Module that contains the AbstractProcess implementation that can standardize JoinedDataBags for BalanceSheet, IncomeStatement, and CashFlow.

Expand source code
"""
Module that contains the AbstractProcess implementation that can standardize
JoinedDataBags for BalanceSheet, IncomeStatement, and  CashFlow.
"""
import shutil
from pathlib import Path
from typing import List

from secfsdstools.c_automation.automation_utils import delete_temp_folders
from secfsdstools.c_automation.task_framework import Task, \
    CheckByTimestampMergeBaseTask, AbstractThreadProcess
from secfsdstools.d_container.databagmodel import JoinedDataBag
from secfsdstools.f_standardize.bs_standardize import BalanceSheetStandardizer
from secfsdstools.f_standardize.cf_standardize import CashFlowStandardizer
from secfsdstools.f_standardize.is_standardize import IncomeStatementStandardizer


class StandardizerTask(CheckByTimestampMergeBaseTask):
    """
    Standardizes the content in the root_path and writes the StandardizedBags
    into the target_path.

    The root_path is expected to contain the subfolders BS, IS, and CF.
    The data has to be present as JoinedDataBags.
    """

    def __init__(self,
                 root_path: Path,
                 target_path: Path,
                 ):
        """
        Task that creates the standardized datasets for BS, IS, and CF.
        Expects the data already filtered as subfolders BS, IS, and CF in root_path.

        Args:
            root_path: The root path, containing subfolders for BS, IS, and CF.
                       The Data has to be provided as standardized DataBags.
            target_path: the target path to write the results to
        """
        super().__init__(
            root_path=root_path,
            pathfilter="*",  # can actually be ignored
            target_path=target_path
        )

    def prepare(self):
        """
        Preparing the tmp_paths by creating the necessary subfolders.
        """
        (self.tmp_path / "BS").mkdir(parents=True, exist_ok=False)
        (self.tmp_path / "IS").mkdir(parents=True, exist_ok=False)
        (self.tmp_path / "CF").mkdir(parents=True, exist_ok=False)

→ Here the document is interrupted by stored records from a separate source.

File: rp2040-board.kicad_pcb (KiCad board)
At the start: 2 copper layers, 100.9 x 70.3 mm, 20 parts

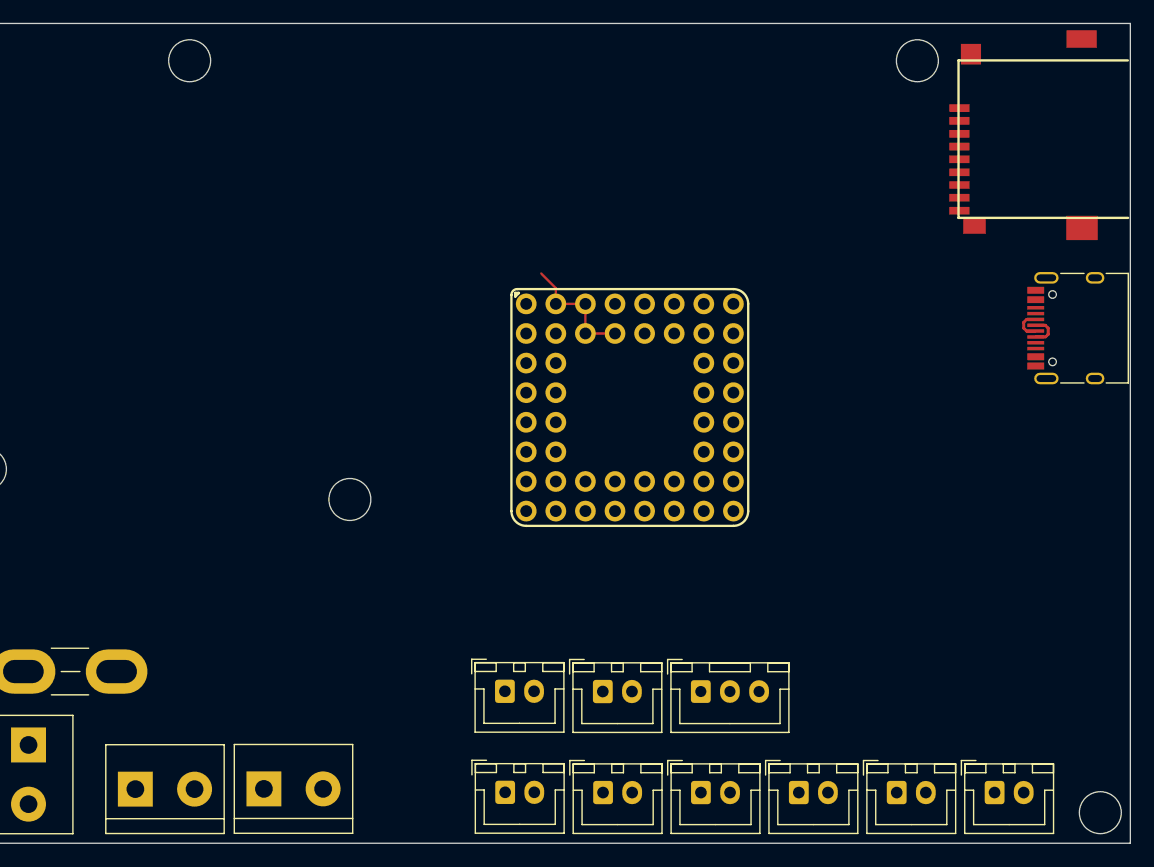
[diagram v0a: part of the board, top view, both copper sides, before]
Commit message: Minor Schematic Layout Changes
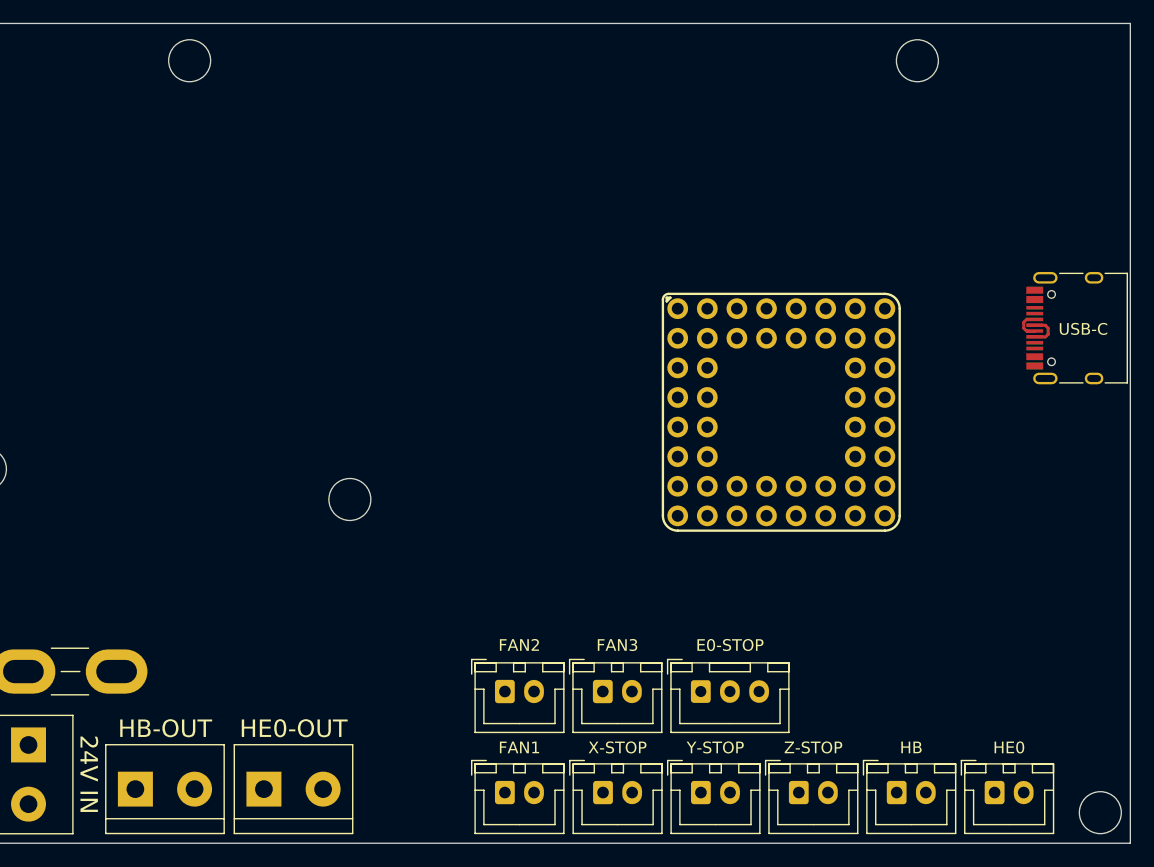
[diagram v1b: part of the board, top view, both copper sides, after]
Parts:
- moved REF** 13.0 mm to (173.0, 101.1)
- moved REF** 0.09 mm to (198.8, 93.9)
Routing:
- net (no net): track 16.4 -> 5.63 mm
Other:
- board text added: "24V IN"
- board text added: "E0-STOP"
- board text added: "FAN1"
- board text added: "FAN2"
- board text added: "FAN3"
- board text added: "HB"
- board text added: "HB-OUT"
- board text added: "HE0"
- board text added: "HE0-OUT"
- board text added: "USB-C"
- board text added: "X-STOP"
- board text added: "Y-STOP"
- board text added: "Z-STOP"

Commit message: Totally no 80% re-source of the BOM
suuurely no re-source
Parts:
- removed the REF** at (198.8, 93.9)
- added C11: 330uF, Capacitor_THT:CP_Radial_D8.0mm_P3.50mm, F.Cu at (109.1, 113.0)
- added C31: 100uF, Capacitor_THT:CP_Radial_D6.3mm_P2.50mm, F.Cu at (121.0, 79.0)
- added C32: 100uF, Capacitor_THT:CP_Radial_D6.3mm_P2.50mm, F.Cu at (141.7, 79.0)
- added C45: 100uF, Capacitor_THT:CP_Radial_D6.3mm_P2.50mm, F.Cu at (162.5, 79.0)
- added C46: 100uF, Capacitor_THT:CP_Radial_D6.3mm_P2.50mm, F.Cu at (183.5, 79.0)
- added J17: X-STEPPER, Connector_JST:JST_XH_B4B-XH-A_1x04_P2.50mm_Vertical, F.Cu at (116.3, 71.9)
- added J18: Y-STEPPER, Connector_JST:JST_XH_B4B-XH-A_1x04_P2.50mm_Vertical, F.Cu at (135.6, 71.9)
- added J19: ZA-STEPPER, Connector_JST:JST_XH_B4B-XH-A_1x04_P2.50mm_Vertical, F.Cu at (150.0, 71.9)
- added J2: USB4105-GF-A, ul_USB4105-GF-A:USB4105-GF-A, F.Cu at (198.8, 93.6)
- added J20: E0-STEPPER, Connector_JST:JST_XH_B4B-XH-A_1x04_P2.50mm_Vertical, F.Cu at (178.8, 71.9)
- added J21: ZB-STEPPER, Connector_JST:JST_XH_B4B-XH-A_1x04_P2.50mm_Vertical, F.Cu at (164.2, 71.9)
- added J5: PROBE, Connector_JST:JST_XH_B5B-XH-A_1x05_P2.50mm_Vertical, F.Cu at (186.0, 124.4)
- F2: renamed from REF**; value Fuse_Blade_Mini_directSolder -> 20A; footprint Fuse:Fuse_Blade_Mini_directSolder -> 01000063Z:01000063Z
- J1: renamed from REF**; value TerminalBlock_bornier-2_P5.08mm -> 24V IN; footprint TerminalBlock:TerminalBlock_bornier-2_P5.08mm -> TerminalBlock_Phoenix:TerminalBlock_Phoenix_MKDS-1,5-2_1x02_P5.00mm_Horizontal
- J10: renamed from REF**; value JST_XH_B3B-XH-A_1x03_P2.50mm_Vertical -> E0-RUNOUT
- J11: renamed from REF**; value JST_XH_B2B-XH-A_1x02_P2.50mm_Vertical -> FAN1
- J12: renamed from REF**; value JST_XH_B2B-XH-A_1x02_P2.50mm_Vertical -> FAN2
- J13: renamed from REF**; value JST_XH_B2B-XH-A_1x02_P2.50mm_Vertical -> FAN3
- J14: renamed from REF**; value TerminalBlock_bornier-2_P5.08mm -> HB; footprint TerminalBlock:TerminalBlock_bornier-2_P5.08mm -> TerminalBlock_Phoenix:TerminalBlock_Phoenix_MKDS-1,5-2_1x02_P5.00mm_Horizontal
- J15: renamed from REF**; value TerminalBlock_bornier-2_P5.08mm -> E0; footprint TerminalBlock:TerminalBlock_bornier-2_P5.08mm -> TerminalBlock_Phoenix:TerminalBlock_Phoenix_MKDS-1,5-2_1x02_P5.00mm_Horizontal
- J16: renamed from REF**; value JST_XH_B2B-XH-A_1x02_P2.50mm_Vertical -> TH-E0
- J3: renamed from REF**; value PGA2040_PTH_NO_SLOT -> PGA2040
- J6: renamed from REF**; value JST_XH_B2B-XH-A_1x02_P2.50mm_Vertical -> X-ENDSTOP
- J7: renamed from REF**; value JST_XH_B2B-XH-A_1x02_P2.50mm_Vertical -> TH-HB
- J8: renamed from REF**; value JST_XH_B2B-XH-A_1x02_P2.50mm_Vertical -> Y-ENDSTOP
- J9: renamed from REF**; value JST_XH_B2B-XH-A_1x02_P2.50mm_Vertical -> Z-ENDSTOP
- moved J10 9.06 mm to (175.1, 124.4)
- moved J12 9.06 mm to (158.3, 124.4)
- moved J13 9.06 mm to (166.7, 124.4)
- moved J3 7.21 mm to (179.9, 103.2)
- moved F2 6.19 mm to (102.0, 121.7)
- moved J1 3.22 mm to (105.2, 129.0)
- moved J14 1.65 mm to (116.3, 132.4)
- moved J15 1.32 mm to (127.8, 132.4)
- moved J11 0.64 mm to (149.9, 133.7)
- moved J16 0.62 mm to (191.9, 133.7)
- moved J6 0.62 mm to (158.3, 133.7)
- moved J7 0.62 mm to (183.5, 133.7)
- moved J8 0.62 mm to (166.7, 133.7)
- moved J9 0.62 mm to (175.1, 133.7)
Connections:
- F2 pad 1: (no net) -> Net-(F2-Pad1)
- F2 pad 2: (no net) -> VCC
- J1 pad 1: (no net) -> Net-(D2-Pad1)
- J1 pad 2: (no net) -> Net-(F2-Pad1)
- J10 pad 1: (no net) -> Net-(C17-Pad1)
- J10 pad 2: (no net) -> GND
- J10 pad 3: (no net) -> +5V
- J11 pad 1: (no net) -> Net-(D7-Pad2)
- J11 pad 2: (no net) -> VCC
- J12 pad 1: (no net) -> Net-(D8-Pad2)
- J12 pad 2: (no net) -> VCC
- J13 pad 1: (no net) -> Net-(D9-Pad2)
- J13 pad 2: (no net) -> VCC
- J14 pad 1: (no net) -> Net-(D10-Pad2)
- J14 pad 2: (no net) -> VCC
- J15 pad 1: (no net) -> Net-(D11-Pad2)
- J15 pad 2: (no net) -> VCC
- J16 pad 1: (no net) -> Net-(J16-Pad1)
- J16 pad 2: (no net) -> GND
- J3 pad A1: (no net) -> GND
- J3 pad A2: (no net) -> +3.3V
- J3 pad A3: (no net) -> +3.3V
- J3 pad A4: (no net) -> Net-(C5-Pad2)
- J3 pad A5: (no net) -> Net-(J2-PadA6)
- J3 pad A6: (no net) -> Net-(J2-PadA7)
- J3 pad A7: (no net) -> Net-(C6-Pad1)
- J3 pad A8: (no net) -> GND
- J3 pad B1: (no net) -> XDIR
- J3 pad B2: (no net) -> GND
- J3 pad B3: (no net) -> +3.3V
- J3 pad B4: (no net) -> +3.3V
- J3 pad B5: (no net) -> unconnected-(J3-PadB5)
- J3 pad B6: (no net) -> unconnected-(J3-PadB6)
- J3 pad B7: (no net) -> GND
- J3 pad B8: (no net) -> /HB_THERM
- J3 pad C1: (no net) -> XSTP
- J3 pad C2: (no net) -> XEN
- J3 pad C7: (no net) -> /E0_THERM
- J3 pad C8: (no net) -> /HB_PWM
- J3 pad D1: (no net) -> /XSTOP
- J3 pad D2: (no net) -> YDIR
- J3 pad D7: (no net) -> /E0_PWM
- J3 pad D8: (no net) -> /FAN3_PWM
- J3 pad E1: (no net) -> YSTP
- J3 pad E2: (no net) -> YEN
- J3 pad E7: (no net) -> /FAN2_PWM
- J3 pad E8: (no net) -> /FAN1_PWM
- J3 pad F1: (no net) -> /YSTOP
- J3 pad F2: (no net) -> ZDIR
- J3 pad F7: (no net) -> Net-(J3-PadF7)
- J3 pad F8: (no net) -> Net-(J3-PadF8)
- J3 pad G1: (no net) -> ZSTP
- J3 pad G2: (no net) -> GND
- J3 pad G3: (no net) -> E0DIR
- J3 pad G4: (no net) -> E0EN
- J3 pad G5: (no net) -> UART_RX
- J3 pad G6: (no net) -> /PROBE_SRVO
- J3 pad G7: (no net) -> GND
- J3 pad G8: (no net) -> Net-(J3-PadG8)
- J3 pad H1: (no net) -> GND
- J3 pad H2: (no net) -> ZEN
- J3 pad H3: (no net) -> /ZSTOP
- J3 pad H4: (no net) -> E0STP
- J3 pad H5: (no net) -> /E0STOP
- J3 pad H6: (no net) -> UART_TX
- J3 pad H7: (no net) -> /PROBE_DET
- J3 pad H8: (no net) -> GND
- J6 pad 1: (no net) -> Net-(C12-Pad1)
- J6 pad 2: (no net) -> GND
- J7 pad 1: (no net) -> Net-(J7-Pad1)
- J7 pad 2: (no net) -> GND
- J8 pad 1: (no net) -> Net-(C15-Pad1)
- J8 pad 2: (no net) -> GND
- J9 pad 1: (no net) -> Net-(C16-Pad1)
- J9 pad 2: (no net) -> GND
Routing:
- net (no net): track 5.63 -> 0.00 mm
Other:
- board size 100.9 x 70.3 mm -> 104 x 70.3 mm
- copper layers 2 -> 4
- board text added: "E0-OUT"
- board text added: "PROBE"
- board text added: "TH-E0"
- board text added: "TH-HB"
- board text added: "X-STEPPER"
- board text added: "Y-STEPPER"
- board text added: "Z-STEPPER"
- board text removed: "HB"
- board text removed: "HE0"
- board text removed: "HE0-OUT"
- board text removed: "USB-C"

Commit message: almost done with layout...
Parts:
- added C1: 10uF, Capacitor_SMD:C_0805_2012Metric_Pad1.18x1.45mm_HandSolder, F.Cu at (109.4, 105.9)
- added C10: 10uF, Capacitor_SMD:C_0805_2012Metric_Pad1.18x1.45mm_HandSolder, F.Cu at (120.0, 105.6)
- added C12: 0.1uF, Capacitor_SMD:C_0805_2012Metric_Pad1.18x1.45mm_HandSolder, F.Cu at (160.7, 127.8)
- added C13: 0.1uF, Capacitor_SMD:C_0805_2012Metric_Pad1.18x1.45mm_HandSolder, F.Cu at (179.3, 125.1)
- added C14: 0.1uF, Capacitor_SMD:C_0805_2012Metric_Pad1.18x1.45mm_HandSolder, F.Cu at (77.5, 41.0)
- added C15: 0.1uF, Capacitor_SMD:C_0805_2012Metric_Pad1.18x1.45mm_HandSolder, F.Cu at (167.6, 127.8)
- added C16: 0.1uF, Capacitor_SMD:C_0805_2012Metric_Pad1.18x1.45mm_HandSolder, F.Cu at (174.7, 127.8)
- added C17: 0.1uF, Capacitor_SMD:C_0805_2012Metric_Pad1.18x1.45mm_HandSolder, F.Cu at (188.4, 115.5)
- added C18: 0.1uF, Capacitor_SMD:C_0805_2012Metric_Pad1.18x1.45mm_HandSolder, F.Cu at (191.8, 125.1)
- added C19: 0.1uF, Capacitor_SMD:C_0805_2012Metric_Pad1.18x1.45mm_HandSolder, F.Cu at (32.4, 41.0)
- added C2: 10uF, Capacitor_SMD:C_0805_2012Metric_Pad1.18x1.45mm_HandSolder, F.Cu at (112.0, 105.9)
- added C20: 0.1uF, Capacitor_SMD:C_0805_2012Metric_Pad1.18x1.45mm_HandSolder, F.Cu at (37.2, 44.0)
- added C21: 0.1uF, Capacitor_SMD:C_0805_2012Metric_Pad1.18x1.45mm_HandSolder, F.Cu at (22.8, 44.0)
- added C22: 22nF, Capacitor_SMD:C_0805_2012Metric_Pad1.18x1.45mm_HandSolder, F.Cu at (22.8, 53.1)
- added C23: 0.1uF, Capacitor_SMD:C_0805_2012Metric_Pad1.18x1.45mm_HandSolder, F.Cu at (27.6, 53.1)
- added C24: 22nF, Capacitor_SMD:C_0805_2012Metric_Pad1.18x1.45mm_HandSolder, F.Cu at (27.6, 41.0)
- added C25: 0.1uF, Capacitor_SMD:C_0805_2012Metric_Pad1.18x1.45mm_HandSolder, F.Cu at (117.4, 77.1)
- added C26: 0.1uF, Capacitor_SMD:C_0805_2012Metric_Pad1.18x1.45mm_HandSolder, F.Cu at (117.4, 81.2)
- added C27: 0.1uF, Capacitor_SMD:C_0805_2012Metric_Pad1.18x1.45mm_HandSolder, F.Cu at (137.9, 77.1)
- added C28: 0.1uF, Capacitor_SMD:C_0805_2012Metric_Pad1.18x1.45mm_HandSolder, F.Cu at (137.9, 81.2)
- added C29: 0.1uF, Capacitor_SMD:C_0805_2012Metric_Pad1.18x1.45mm_HandSolder, F.Cu at (22.8, 47.1)
- added C3: 10uF, Capacitor_SMD:C_0805_2012Metric_Pad1.18x1.45mm_HandSolder, F.Cu at (114.6, 105.9)
- added C30: 0.1uF, Capacitor_SMD:C_0805_2012Metric_Pad1.18x1.45mm_HandSolder, F.Cu at (27.6, 50.1)
- added C33: 0.1uF, Capacitor_SMD:C_0805_2012Metric_Pad1.18x1.45mm_HandSolder, F.Cu at (22.8, 41.0)
- added C34: 0.1uF, Capacitor_SMD:C_0805_2012Metric_Pad1.18x1.45mm_HandSolder, F.Cu at (27.6, 47.1)
- added C35: 0.1uF, Capacitor_SMD:C_0805_2012Metric_Pad1.18x1.45mm_HandSolder, F.Cu at (22.8, 50.1)
- added C36: 22nF, Capacitor_SMD:C_0805_2012Metric_Pad1.18x1.45mm_HandSolder, F.Cu at (22.8, 56.1)
- added C37: 0.1uF, Capacitor_SMD:C_0805_2012Metric_Pad1.18x1.45mm_HandSolder, F.Cu at (27.6, 44.0)
- added C38: 22nF, Capacitor_SMD:C_0805_2012Metric_Pad1.18x1.45mm_HandSolder, F.Cu at (37.2, 41.0)
- added C39: 0.1uF, Capacitor_SMD:C_0805_2012Metric_Pad1.18x1.45mm_HandSolder, F.Cu at (179.5, 77.1)
- added C4: 0.1uF, Capacitor_SMD:C_0805_2012Metric_Pad1.18x1.45mm_HandSolder, F.Cu at (117.2, 105.9)
- added C40: 0.1uF, Capacitor_SMD:C_0805_2012Metric_Pad1.18x1.45mm_HandSolder, F.Cu at (179.5, 81.2)
- added C41: 0.1uF, Capacitor_SMD:C_0805_2012Metric_Pad1.18x1.45mm_HandSolder, F.Cu at (158.7, 77.1)
- added C42: 0.1uF, Capacitor_SMD:C_0805_2012Metric_Pad1.18x1.45mm_HandSolder, F.Cu at (158.7, 81.2)
- added C43: 0.1uF, Capacitor_SMD:C_0805_2012Metric_Pad1.18x1.45mm_HandSolder, F.Cu at (32.4, 44.0)
- added C44: 0.1uF, Capacitor_SMD:C_0805_2012Metric_Pad1.18x1.45mm_HandSolder, F.Cu at (32.4, 47.1)
- added C5: 0.1uF, Capacitor_SMD:C_0805_2012Metric_Pad1.18x1.45mm_HandSolder, F.Cu at (72.7, 44.0)
- added C6: 22uF, Capacitor_SMD:C_0805_2012Metric_Pad1.18x1.45mm_HandSolder, F.Cu at (126.0, 101.4)
- added C7: 0.1uF, Capacitor_SMD:C_0805_2012Metric_Pad1.18x1.45mm_HandSolder, F.Cu at (72.7, 41.0)
- added C8: 0.1uF, Capacitor_SMD:C_0805_2012Metric_Pad1.18x1.45mm_HandSolder, F.Cu at (126.0, 98.2)
- added C9: 0.1uF, Capacitor_SMD:C_0805_2012Metric_Pad1.18x1.45mm_HandSolder, F.Cu at (110.7, 110.3)
- added D1: SS34, Diode_SMD:D_SMA_Handsoldering, F.Cu at (104.3, 111.5)
- added D2: S5BBF, Diode_SMD:D_SMB_Handsoldering, F.Cu at (104.2, 116.3)
- added D3: SS54, Diode_SMD:D_SMA_Handsoldering, F.Cu at (104.3, 100.2)
- added D4: BAV99, BAV99:DIO_BAV99, F.Cu at (183.2, 126.4)
- added D5: BAV99, BAV99:DIO_BAV99, F.Cu at (195.8, 126.5)
- added F1: 0.35A, Fuse:Fuse_1812_4532Metric_Pad1.30x3.40mm_HandSolder, F.Cu at (121.3, 99.6)
- added J4: 3_GPIO, Connector_PinSocket_2.54mm:PinSocket_1x03_P2.54mm_Vertical, F.Cu at (199.7, 111.9)
- added JP1: X-DIAG, Connector_PinHeader_2.54mm:PinHeader_1x02_P2.54mm_Vertical, F.Cu at (123.5, 83.0)
- added JP2: Y-DIAG, Connector_PinHeader_2.54mm:PinHeader_1x02_P2.54mm_Vertical, F.Cu at (144.1, 81.2)
- added JP3: E0-DIAG, Connector_PinHeader_2.54mm:PinHeader_1x02_P2.54mm_Vertical, F.Cu at (185.8, 83.0)
- added JP4: Z-DIAG, Connector_PinHeader_2.54mm:PinHeader_1x02_P2.54mm_Vertical, F.Cu at (164.9, 81.2)
- added L1: 15uH, Inductor_SMD:L_1210_3225Metric_Pad1.42x2.65mm_HandSolder, F.Cu at (115.0, 110.4)
- added Q1: AO3400C, Package_TO_SOT_SMD:SOT-23_Handsoldering, F.Cu at (154.0, 127.2)
- added Q2: AO3400C, Package_TO_SOT_SMD:SOT-23_Handsoldering, F.Cu at (155.9, 120.1)
- added Q3: AO3400C, Package_TO_SOT_SMD:SOT-23_Handsoldering, F.Cu at (174.7, 113.9)
- added R1: 5.1K, Resistor_SMD:R_0805_2012Metric_Pad1.20x1.40mm_HandSolder, F.Cu at (77.5, 44.0)
- added R10: 100R, Resistor_SMD:R_0805_2012Metric_Pad1.20x1.40mm_HandSolder, F.Cu at (157.4, 126.5)
- added R11: 10K, Resistor_SMD:R_0805_2012Metric_Pad1.20x1.40mm_HandSolder, F.Cu at (160.7, 125.1)
- added R12: 2.37K, Resistor_SMD:R_0805_2012Metric_Pad1.20x1.40mm_HandSolder, F.Cu at (179.3, 127.8)
- added R13: 2.37K, Resistor_SMD:R_0805_2012Metric_Pad1.20x1.40mm_HandSolder, F.Cu at (187.2, 127.8)
- added R14: 100R, Resistor_SMD:R_0805_2012Metric_Pad1.20x1.40mm_HandSolder, F.Cu at (185.2, 114.0)
- added R15: 4.7K, Resistor_SMD:R_0805_2012Metric_Pad1.20x1.40mm_HandSolder, F.Cu at (187.2, 125.1)
- added R16: 10R, Resistor_SMD:R_0805_2012Metric_Pad1.20x1.40mm_HandSolder, F.Cu at (117.6, 122.1)
- added R17: 20K, Resistor_SMD:R_0805_2012Metric_Pad1.20x1.40mm_HandSolder, F.Cu at (117.6, 119.4)
- added R18: 10R, Resistor_SMD:R_0805_2012Metric_Pad1.20x1.40mm_HandSolder, F.Cu at (129.6, 119.5)
- added R19: 20K, Resistor_SMD:R_0805_2012Metric_Pad1.20x1.40mm_HandSolder, F.Cu at (129.6, 122.1)
- added R2: 10K, Resistor_SMD:R_0805_2012Metric_Pad1.20x1.40mm_HandSolder, F.Cu at (86.4, 45.8)
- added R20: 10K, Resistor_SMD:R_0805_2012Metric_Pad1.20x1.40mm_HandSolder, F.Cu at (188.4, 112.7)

    def exception(self, exception) -> str:
        """ delete the temp folder. """
        shutil.rmtree(self.tmp_path, ignore_errors=True)
        return f"failed {exception}"

    def __str__(self) -> str:
        return (f"StandardizerTask(root_path: {self.root_path}, "
                f"target_path: {self.target_path})")

    def do_execution(self,
                     paths_to_process: List[Path],
                     tmp_path: Path):
        """
        executes the actual standardization, by loading the data for
        BS, IS, and CF and producing saving the StandardizedBag.
        Does apply the OfficialTagsOnlyJoinedFilter before standardizing.

        Args:
            paths_to_process: can actually be ignored in this context, since we know which
            folders have to processed (BS, IS, CF)

        """
        bs_standardizer = BalanceSheetStandardizer()
        is_standardizer = IncomeStatementStandardizer()
        cf_standardizer = CashFlowStandardizer()

        # standardize bs
        joined_bag_bs = JoinedDataBag.load(str(self.root_path / "BS"))
        bs_standardizer.process(joined_bag_bs.pre_num_df.copy())
        bs_standardizer.get_standardize_bag().save(str(tmp_path / "BS"))

        # standardize is
        joined_bag_is = JoinedDataBag.load(str(self.root_path / "IS"))
        is_standardizer.process(joined_bag_is.pre_num_df.copy())
        is_standardizer.get_standardize_bag().save(str(tmp_path / "IS"))

        # standardize cf
        joined_bag_cf = JoinedDataBag.load(str(self.root_path / "CF"))
        cf_standardizer.process(joined_bag_cf.pre_num_df.copy())
        cf_standardizer.get_standardize_bag().save(str(tmp_path / "CF"))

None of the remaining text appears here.